Questa fissazione veniva con puntualità traslata nelle tele, che pure riscuotevano tanto successo presso i committenti: qualsiasi scena d’interno Dou dipingesse, si trattasse della modesta cucina di una donna del popolo o di una taverna animata da figure di genere, doveva rispondere al suo personalissimo criterio… igienico. A ciascun oggetto, terso come se mai nessuno l’avesse usato prima, era assegnata una collocazione precisa, tale da non ledere la metodica armonia dell’ambiente rappresentato: non un utensile fuori posto, non un tavolo non abbastanza lustro, non una posa men che aggraziata degli effigiati.
Così, nell’umile e disadorna stanza in cui la vecchia consuma la propria zuppa, ogni cosa è attraversata da una sorta di inerzia generale. L’arcolaio giace immobile quasi a non voler turbare la quiete circostante, il vasellame e il lume appeso al soffitto sono perfettamente lucidati, persino le fenditure dei tramezzi e del pavimento paiono immuni dalla polvere.
Bandito qualsiasi cenno alla più flebile oscillazione, tutto sembra avulso dalla realtà, come privo di vita. Anche l’anziana donna – in cui è stata identificata la madre di Rembrandt -, nel suo atteggiamento compito e taciturno, si direbbe aliena alla sua stessa casa.
L’ossessione di Gerrit Dou si palesa altresì nella ricerca quasi morbosa dell’illustrazione di ogni particolare, nel tratto “pulito” e meticoloso utilizzato per descrivere il singolo elemento, secondo un rigore assolutamente estraneo al suo grande maestro, che prediligeva rappresentazioni più omogenee, dove gli oggetti apparissero inseriti nel contesto globale.
Il Ritratto d’uomo che scrive nello studio di un artista rivela non poche affinità di carattere compositivo con il dipinto di cui abbiamo ora parlato.
Anche in questo caso l’interno è rischiarato a sinistra da una finestra a battenti, mentre sullo sfondo si nota una scala a chiocciola simile alla precedente. Diverso è invece lo strumento da lavoro: non più un arcolaio ma un cavalletto. Agli oggetti domestici – scope e recipienti – sono subentrati attributi marziali – l’elmo, lo scudo e il tamburo in primo piano – ed emblemi di vita contemplativa – un violino, un mappamondo, un libro e una candela visibili in lontananza, lievemente celati dal semibuio -.
Il protagonista siede davanti al cavalletto, la schiena curva su di un tomo voluminoso su cui sta scrivendo o disegnando. Come di consueto, l’interno è stato sottoposto alla più scrupolosa pulizia: il pavimento ripetutamente lucidato, il lampadario e il corredo militare lustrati con zelo e pignoleria, così da eliminare la più timida ombra.
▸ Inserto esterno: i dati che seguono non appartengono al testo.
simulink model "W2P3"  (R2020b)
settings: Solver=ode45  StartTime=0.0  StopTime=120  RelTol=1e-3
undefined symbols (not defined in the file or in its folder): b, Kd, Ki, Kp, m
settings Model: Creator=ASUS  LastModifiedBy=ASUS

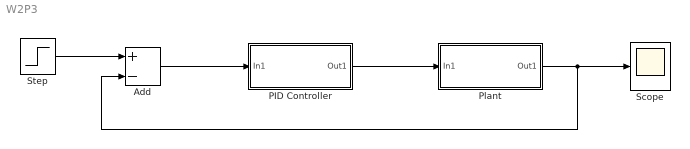
== system W2P3 ==
  Add : Sum  Inputs=+-
  PID Controller : Subsystem
  Plant : Subsystem
  Scope : Scope
  Step : Step  Time=0  After=500  SampleTime=0
  wires:
  Step/1 -> Add/1
  Plant/1(Out1) -> Add/2, Scope/1
  Add/1 -> PID Controller/1(In1)
  PID Controller/1(Out1) -> Plant/1(In1)

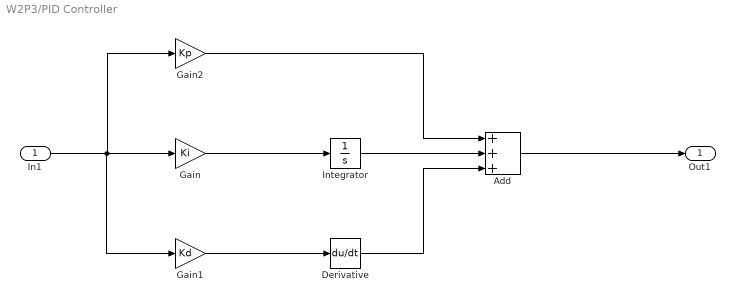
== system W2P3/PID Controller ==
  In1 : Inport
  Add : Sum  Inputs=+++
  Derivative : Derivative
  Gain : Gain  Gain=Ki
  Gain1 : Gain  Gain=Kd
  Gain2 : Gain  Gain=Kp
  Integrator : Integrator
  Out1 : Outport
  wires:
  In1/1 -> Gain1/1, Gain2/1, Gain/1
  Gain/1 -> Integrator/1
  Integrator/1 -> Add/2
  Gain2/1 -> Add/1
  Add/1 -> Out1/1
  Gain1/1 -> Derivative/1
  Derivative/1 -> Add/3

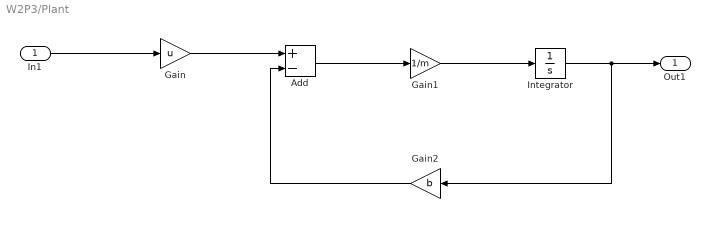
== system W2P3/Plant ==
  In1 : Inport
  Add : Sum  Inputs=+-
  Gain : Gain  Gain=u
  Gain1 : Gain  Gain=1/m
  Gain2 : Gain  Gain=b
  Integrator : Integrator
  Out1 : Outport
  wires:
  Gain/1 -> Add/1
  Add/1 -> Gain1/1
  In1/1 -> Gain/1
  Gain2/1 -> Add/2
  Gain1/1 -> Integrator/1
  Integrator/1 -> Gain2/1, Out1/1
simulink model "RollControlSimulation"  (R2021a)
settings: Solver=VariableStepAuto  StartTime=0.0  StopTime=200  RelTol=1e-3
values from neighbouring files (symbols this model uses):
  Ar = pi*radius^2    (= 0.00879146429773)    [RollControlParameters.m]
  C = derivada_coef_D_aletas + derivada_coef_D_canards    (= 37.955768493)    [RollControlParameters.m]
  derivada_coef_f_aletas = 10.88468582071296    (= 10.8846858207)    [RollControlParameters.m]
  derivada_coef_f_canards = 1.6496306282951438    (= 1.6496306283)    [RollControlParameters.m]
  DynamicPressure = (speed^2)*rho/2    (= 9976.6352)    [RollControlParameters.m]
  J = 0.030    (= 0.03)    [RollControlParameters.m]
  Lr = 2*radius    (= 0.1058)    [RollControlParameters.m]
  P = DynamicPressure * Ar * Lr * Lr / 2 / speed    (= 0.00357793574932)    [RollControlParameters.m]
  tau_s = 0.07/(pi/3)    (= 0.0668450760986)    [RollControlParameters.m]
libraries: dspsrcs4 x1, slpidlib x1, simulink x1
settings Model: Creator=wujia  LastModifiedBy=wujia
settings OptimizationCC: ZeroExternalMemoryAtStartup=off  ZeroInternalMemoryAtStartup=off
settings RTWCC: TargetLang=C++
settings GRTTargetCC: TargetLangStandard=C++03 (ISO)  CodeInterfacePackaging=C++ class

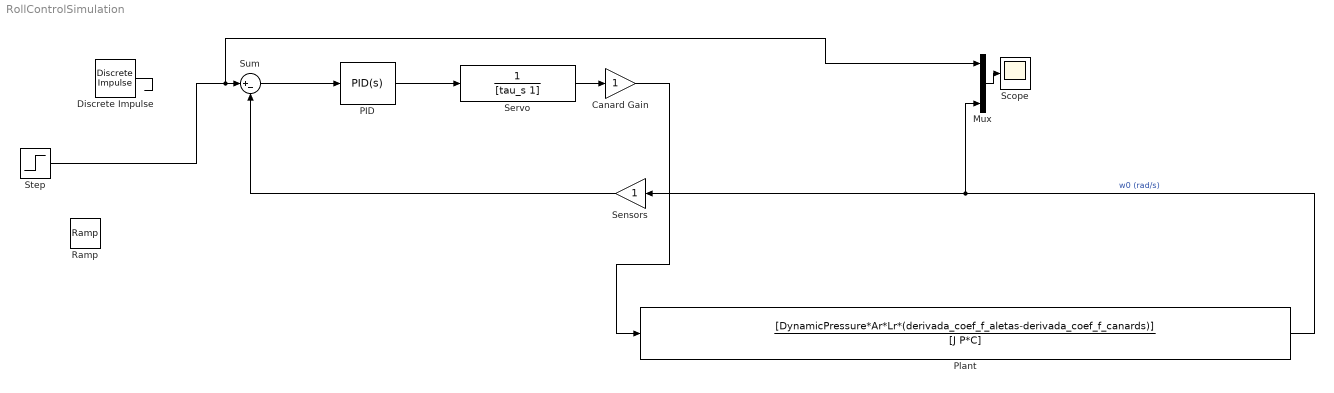
== system RollControlSimulation ==
  Canard Gain : Gain
  Discrete Impulse : dspsrcs4/Discrete  Impulse  Delay=0  SampleTime=1  FrameSample=1  OutputFrames=off  dataType=double  isSigned=on  wordLen=16  udDataType=sfix(16)  fracBitsMode=Best precision  numFracBits=15  OutDataTypeStr=double  LastOutDataTypeStr=double
  Mux : Mux  Inputs=3
  PID : slpidlib/PID Controller  Controller=PID  Form=Ideal  TimeDomain=Continuous-time  UseExternalTs=off  SampleTime=-1  IntegratorMethod=Forward Euler  FilterMethod=Forward Euler  ControllerParametersSource=internal  P=0.00415792267673615  I=10.82837532756  D=0.00111895618386219  UseFilter=on  N=14.0446272815803  TunerSelectOption=Transfer Function Based (PID Tuner App)  InitialConditionSource=internal  InitialConditionForIntegrator=0  InitialConditionForFilter=0  DifferentiatorICPrevScaledInput=0  ExternalReset=none  TrackingMode=off  Kt=1  LimitOutput=on  SatLimitsSource=internal  UpperSaturationLimit=8  LowerSaturationLimit=-8  LinearizeAsGain=on  AntiWindupMode=clamping  Kb=1  POutMin=[]  POutMax=[]  IOutMin=[]  IOutMax=[]  DOutMin=[]  DOutMax=[]  NOutMin=[]  NOutMax=[]  SumOutMin=[]  SumOutMax=[]  SaturationOutMin=[]  SaturationOutMax=[]  PParamMin=[]  PParamMax=[]  IParamMin=[]  IParamMax=[]  DParamMin=[]  DParamMax=[]  NParamMin=[]  NParamMax=[]  KbParamMin=[]  KbParamMax=[]  KtParamMin=[]  KtParamMax=[]  KbOutMin=[]  KbOutMax=[]  KtOutMin=[]  KtOutMax=[]  IntegratorOutMin=[]  IntegratorOutMax=[]  FilterOutMin=[]  FilterOutMax=[]  SumI1OutMin=[]  SumI1OutMax=[]  SumI2OutMin=[]  SumI2OutMax=[]  SumI3OutMin=[]  SumI3OutMax=[]  SumI4OutMin=[]  SumI4OutMax=[]  SumDOutMin=[]  SumDOutMax=[]  DifferentiatorOutMin=[]  DifferentiatorOutMax=[]  FilterDiffOutCoefMin=[]  FilterDiffOutCoefMax=[]  ReciprocalOutMin=[]  ReciprocalOutMax=[]  SumDenOutMin=[]  SumDenOutMax=[]  SumNumOutMin=[]  SumNumOutMax=[]  DivideOutMin=[]  DivideOutMax=[]  UdiffTsProdOutMin=[]  UdiffTsProdOutMax=[]  NTsProdOutMin=[]  NTsProdOutMax=[]  UintegralTsProdOutMin=[]  UintegralTsProdOutMax=[]  UngainTsProdOutMin=[]  UngainTsProdOutMax=[]  IntegratorContinuousStateAttributes=''  IntegratorStateMustResolveToSignalObject=off  IntegratorRTWStateStorageClass=Auto  FilterContinuousStateAttributes=''  FilterStateMustResolveToSignalObject=off  FilterRTWStateStorageClass=Auto  ParallelPVariant=Passthrough  IdealPVariant=InternalParameters  IVariant=InternalParameters  DVariant=InternalParameters  IntegratorVariant=Continuous  SatVariant=Enabled  AWVariant=ContClampingIdeal  PCopyVariant=InternalParamsIdeal  TRVariant=Disabled  FdbkBlocksVariant=Forward  IdealPFdbkVariant=Disabled  SatFdbkVariant=Disabled  DerivativeFilterVariant=ContFilter  NVariant=InternalParameters  NCopyVariant=Disabled  FilterICVariant=InternalICsFilter  IntegratorICVariant=InternalICs  ExternalResetVariant=Disabled  TRSumVariant=Passthrough  SumFdbkVariant=Disabled  SumVariant=Sum_PID  TsampFilterVariant=InternalTs  TsampNgainVariant=Passthrough  TsampIntegralVariant=Passthrough  ExternalSaturationOutDataTypeStr=Inherit: Same as second input
  Plant : TransferFcn  Numerator=[DynamicPressure*Ar*Lr*(derivada_coef_f_aletas-derivada_coef_f_canards)]  Denominator=[J P*C]
  Ramp : simulink/Sources/Ramp  slope=0.2  start=0  InitialOutput=0
  Scope : Scope
  Sensors : Gain
  Servo : TransferFcn  Denominator=[tau_s 1]
  Step : Step  Time=100  Before=10  After=0  SampleTime=0
  Sum : Sum  Inputs=|+-
  wires:
  Sensors/1 -> Sum/2
  Canard Gain/1 -> Plant/1
  Mux/1 -> Scope/1
  Sum/1 -> PID/1
  PID/1 -> Servo/1
  Plant/1 -> Mux/3, Sensors/1  "w0 (rad/s)"
  Servo/1 -> Canard Gain/1
  Discrete Impulse/1 -> ?
  Step/1 -> Mux/1, Sum/1
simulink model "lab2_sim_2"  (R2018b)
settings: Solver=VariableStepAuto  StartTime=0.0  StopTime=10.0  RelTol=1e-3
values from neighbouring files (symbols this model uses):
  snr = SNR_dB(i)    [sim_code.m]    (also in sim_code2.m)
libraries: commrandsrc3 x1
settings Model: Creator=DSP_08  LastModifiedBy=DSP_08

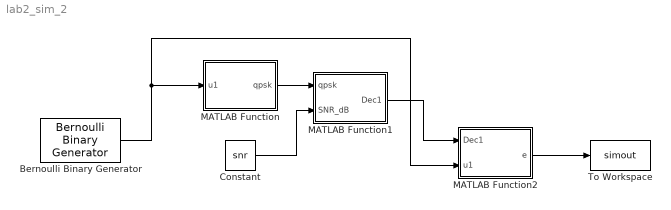
== system lab2_sim_2 ==
  Bernoulli Binary Generator : commrandsrc3/Bernoulli Binary Generator  ProbabilityOfZero=0.5  SeedSource=Auto  Seed=0  SampleTime=1  SamplesPerFrame=10000  OutputDataType=double  SimulateUsing=Interpreted execution
  Constant : Constant  Value=snr
  MATLAB Function : MATLAB Function  TreatAsAtomicUnit=on
  MATLAB Function1 : MATLAB Function  TreatAsAtomicUnit=on
  MATLAB Function2 : MATLAB Function  TreatAsAtomicUnit=on
  To Workspace : ToWorkspace  VariableName=simout  SampleTime=-1
      settings: Save2DSignal=2-D array (concatenate along first dimension)
  wires:
  MATLAB Function/1(qpsk) -> MATLAB Function1/1(qpsk)
  Constant/1 -> MATLAB Function1/2(SNR_dB)
  MATLAB Function1/1(Dec1) -> MATLAB Function2/1(Dec1)
  Bernoulli Binary Generator/1 -> MATLAB Function2/2(u1), MATLAB Function/1(u1)
  MATLAB Function2/1(e) -> To Workspace/1

== matlab function lab2_sim_2/MATLAB Function1 ==
  data: qpsk input; Dec1 output; SNR_dB input
function Dec1 = fcn(qpsk,SNR_dB)

    N = length(qpsk);
    h = complex(randn(1,N),randn(1,N));
    noise = complex(randn(1,N),randn(1,N));
    y = zeros(1,N) + 1j*zeros(1,N);
    Dec1 = zeros(1,N) + 1j*zeros(1,N);
    SNR_lin = 10^(SNR_dB/10);
    sigma = 1/sqrt(SNR_lin);
    
    y = h.*qpsk + sigma*noise;
    Dec1 = y./h;
    
end

== matlab function lab2_sim_2/MATLAB Function ==
  data: u1 input; qpsk output
function qpsk = fcn(u1)

    X = transpose(u1);
    N = length(X);
    qpsk = zeros(1,N/2) + 1j*zeros(1,N/2);;
    n = 1;
    for i = 1:2:N
        if (X(i) == 0) && (X(i+1) == 0)
            qpsk(n) = (1+1j)/sqrt(2);
        elseif (X(i) == 0) && (X(i+1) == 1)
            qpsk(n) = (-1+1j)/sqrt(2);
        elseif (X(i) == 1) && (X(i+1) == 0)
            qpsk(n) = (-1-1j)/sqrt(2);
        elseif (X(i) == 1) && (X(i+1) == 1)
            qpsk(n) = (1-1j)/sqrt(2);
        end
    n = n+1;
    end
end

== matlab function lab2_sim_2/MATLAB Function2 ==
  data: Dec1 input; e output; u1 input
function e = fcn(Dec1,u1)

    N = length(Dec1);
    X = transpose(u1);
    X_rcvd = zeros(1,N*2);
    
    n = 1;
    for j = 1:N
        if (real(Dec1(j))>0) && (imag(Dec1(j))>0)
            X_rcvd(n) = 0;
            X_rcvd(n+1) = 0;
        elseif (real(Dec1(j))<0) && (imag(Dec1(j))>0)
            X_rcvd(n) = 0;
            X_rcvd(n+1) = 1;
        elseif (real(Dec1(j))<0) && (imag(Dec1(j))<0)
            X_rcvd(n) = 1;
            X_rcvd(n+1) = 0;
        elseif (real(Dec1(j))>0) && (imag(Dec1(j))<0)
            X_rcvd(n) = 1;
            X_rcvd(n+1) = 1;
        end
        n = n+2;
    end
    e = sum(abs(X-X_rcvd))/(2*N);
end

In questo tempio sacro e inviolabile non sono ammessi intrusi – a meno che non accettino di subire un’accurata sterilizzazione -, ed ogni singolo acaro viene esiliato con un tenace colpo di ramazza. Chissà quale uso sconsiderato avrebbe fatto dell’aspirapolvere il nostro Dou, se solo l’aspirapolvere, a quel tempo, fosse già stato inventato.